» **DIRECTIONS FOR THIS TASK**: Working line by line, output the entries below exactly as they appear.

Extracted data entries
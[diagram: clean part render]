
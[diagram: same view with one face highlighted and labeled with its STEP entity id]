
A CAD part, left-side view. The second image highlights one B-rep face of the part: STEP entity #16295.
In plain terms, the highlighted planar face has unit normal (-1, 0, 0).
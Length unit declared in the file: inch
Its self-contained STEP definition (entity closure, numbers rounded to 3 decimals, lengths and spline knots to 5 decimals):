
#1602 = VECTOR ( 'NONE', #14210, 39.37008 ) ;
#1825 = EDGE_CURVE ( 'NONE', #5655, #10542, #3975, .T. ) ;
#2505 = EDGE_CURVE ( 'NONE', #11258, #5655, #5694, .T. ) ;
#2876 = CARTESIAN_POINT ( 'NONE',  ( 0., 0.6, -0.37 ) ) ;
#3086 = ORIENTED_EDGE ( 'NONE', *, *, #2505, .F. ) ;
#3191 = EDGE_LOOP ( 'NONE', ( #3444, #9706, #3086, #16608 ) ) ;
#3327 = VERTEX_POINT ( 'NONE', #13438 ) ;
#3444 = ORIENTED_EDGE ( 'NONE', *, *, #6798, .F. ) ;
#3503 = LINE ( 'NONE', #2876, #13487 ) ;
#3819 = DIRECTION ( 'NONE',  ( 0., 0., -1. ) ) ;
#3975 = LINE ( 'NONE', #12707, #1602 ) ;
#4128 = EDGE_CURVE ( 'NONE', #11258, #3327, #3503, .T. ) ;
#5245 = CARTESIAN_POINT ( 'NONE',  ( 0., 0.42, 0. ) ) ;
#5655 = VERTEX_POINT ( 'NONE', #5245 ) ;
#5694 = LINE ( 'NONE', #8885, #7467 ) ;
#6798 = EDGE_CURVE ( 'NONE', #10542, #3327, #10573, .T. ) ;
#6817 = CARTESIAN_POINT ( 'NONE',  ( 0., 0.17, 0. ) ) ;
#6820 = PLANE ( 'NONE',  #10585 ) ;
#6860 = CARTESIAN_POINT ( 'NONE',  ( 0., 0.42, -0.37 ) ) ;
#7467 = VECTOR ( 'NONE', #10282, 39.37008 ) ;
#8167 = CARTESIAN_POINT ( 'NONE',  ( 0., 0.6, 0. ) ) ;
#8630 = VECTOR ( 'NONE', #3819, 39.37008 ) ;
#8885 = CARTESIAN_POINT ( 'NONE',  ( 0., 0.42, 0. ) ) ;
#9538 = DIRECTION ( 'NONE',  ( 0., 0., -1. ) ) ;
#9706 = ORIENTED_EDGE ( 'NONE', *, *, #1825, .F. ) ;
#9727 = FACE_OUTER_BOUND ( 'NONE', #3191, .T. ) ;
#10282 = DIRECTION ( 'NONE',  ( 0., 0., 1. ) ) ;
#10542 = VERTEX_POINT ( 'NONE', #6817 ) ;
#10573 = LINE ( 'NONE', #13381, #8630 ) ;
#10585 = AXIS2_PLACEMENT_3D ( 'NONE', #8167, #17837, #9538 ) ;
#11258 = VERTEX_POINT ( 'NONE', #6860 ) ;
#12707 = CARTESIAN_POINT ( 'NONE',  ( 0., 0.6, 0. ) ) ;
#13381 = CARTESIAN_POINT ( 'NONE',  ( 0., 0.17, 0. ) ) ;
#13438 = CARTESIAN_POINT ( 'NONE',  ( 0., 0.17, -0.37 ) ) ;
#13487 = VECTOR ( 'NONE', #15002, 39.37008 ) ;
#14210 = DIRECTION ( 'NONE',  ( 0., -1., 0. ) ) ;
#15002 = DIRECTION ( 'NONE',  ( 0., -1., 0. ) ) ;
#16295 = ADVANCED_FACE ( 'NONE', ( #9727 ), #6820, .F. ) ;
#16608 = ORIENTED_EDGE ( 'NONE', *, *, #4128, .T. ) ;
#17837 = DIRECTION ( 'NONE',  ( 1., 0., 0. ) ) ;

» **SOLUTION TO THE EXERCISE**:
[diagram: clean part render]
[diagram: same view with one face highlighted and labeled with its STEP entity id]
A CAD part, left-side view. The second image highlights one B-rep face of the part: STEP entity #16295.
In plain terms, the highlighted planar face has unit normal (-1, 0, 0).
Length unit declared in the file: inch
Its self-contained STEP definition (entity closure, numbers rounded to 3 decimals, lengths and spline knots to 5 decimals):
#1602 = VECTOR ( 'NONE', #14210, 39.37008 ) ;
#1825 = EDGE_CURVE ( 'NONE', #5655, #10542, #3975, .T. ) ;
#2505 = EDGE_CURVE ( 'NONE', #11258, #5655, #5694, .T. ) ;
#2876 = CARTESIAN_POINT ( 'NONE',  ( 0., 0.6, -0.37 ) ) ;
#3086 = ORIENTED_EDGE ( 'NONE', *, *, #2505, .F. ) ;
#3191 = EDGE_LOOP ( 'NONE', ( #3444, #9706, #3086, #16608 ) ) ;
#3327 = VERTEX_POINT ( 'NONE', #13438 ) ;
#3444 = ORIENTED_EDGE ( 'NONE', *, *, #6798, .F. ) ;
#3503 = LINE ( 'NONE', #2876, #13487 ) ;
#3819 = DIRECTION ( 'NONE',  ( 0., 0., -1. ) ) ;
#3975 = LINE ( 'NONE', #12707, #1602 ) ;
#4128 = EDGE_CURVE ( 'NONE', #11258, #3327, #3503, .T. ) ;
#5245 = CARTESIAN_POINT ( 'NONE',  ( 0., 0.42, 0. ) ) ;
#5655 = VERTEX_POINT ( 'NONE', #5245 ) ;
#5694 = LINE ( 'NONE', #8885, #7467 ) ;
#6798 = EDGE_CURVE ( 'NONE', #10542, #3327, #10573, .T. ) ;
#6817 = CARTESIAN_POINT ( 'NONE',  ( 0., 0.17, 0. ) ) ;
#6820 = PLANE ( 'NONE',  #10585 ) ;
#6860 = CARTESIAN_POINT ( 'NONE',  ( 0., 0.42, -0.37 ) ) ;
#7467 = VECTOR ( 'NONE', #10282, 39.37008 ) ;
#8167 = CARTESIAN_POINT ( 'NONE',  ( 0., 0.6, 0. ) ) ;
#8630 = VECTOR ( 'NONE', #3819, 39.37008 ) ;
#8885 = CARTESIAN_POINT ( 'NONE',  ( 0., 0.42, 0. ) ) ;
#9538 = DIRECTION ( 'NONE',  ( 0., 0., -1. ) ) ;
#9706 = ORIENTED_EDGE ( 'NONE', *, *, #1825, .F. ) ;
#9727 = FACE_OUTER_BOUND ( 'NONE', #3191, .T. ) ;
#10282 = DIRECTION ( 'NONE',  ( 0., 0., 1. ) ) ;
#10542 = VERTEX_POINT ( 'NONE', #6817 ) ;
#10573 = LINE ( 'NONE', #13381, #8630 ) ;
#10585 = AXIS2_PLACEMENT_3D ( 'NONE', #8167, #17837, #9538 ) ;
#11258 = VERTEX_POINT ( 'NONE', #6860 ) ;
#12707 = CARTESIAN_POINT ( 'NONE',  ( 0., 0.6, 0. ) ) ;
#13381 = CARTESIAN_POINT ( 'NONE',  ( 0., 0.17, 0. ) ) ;
#13438 = CARTESIAN_POINT ( 'NONE',  ( 0., 0.17, -0.37 ) ) ;
#13487 = VECTOR ( 'NONE', #15002, 39.37008 ) ;
#14210 = DIRECTION ( 'NONE',  ( 0., -1., 0. ) ) ;
#15002 = DIRECTION ( 'NONE',  ( 0., -1., 0. ) ) ;
#16295 = ADVANCED_FACE ( 'NONE', ( #9727 ), #6820, .F. ) ;
#16608 = ORIENTED_EDGE ( 'NONE', *, *, #4128, .T. ) ;
#17837 = DIRECTION ( 'NONE',  ( 1., 0., 0. ) ) ;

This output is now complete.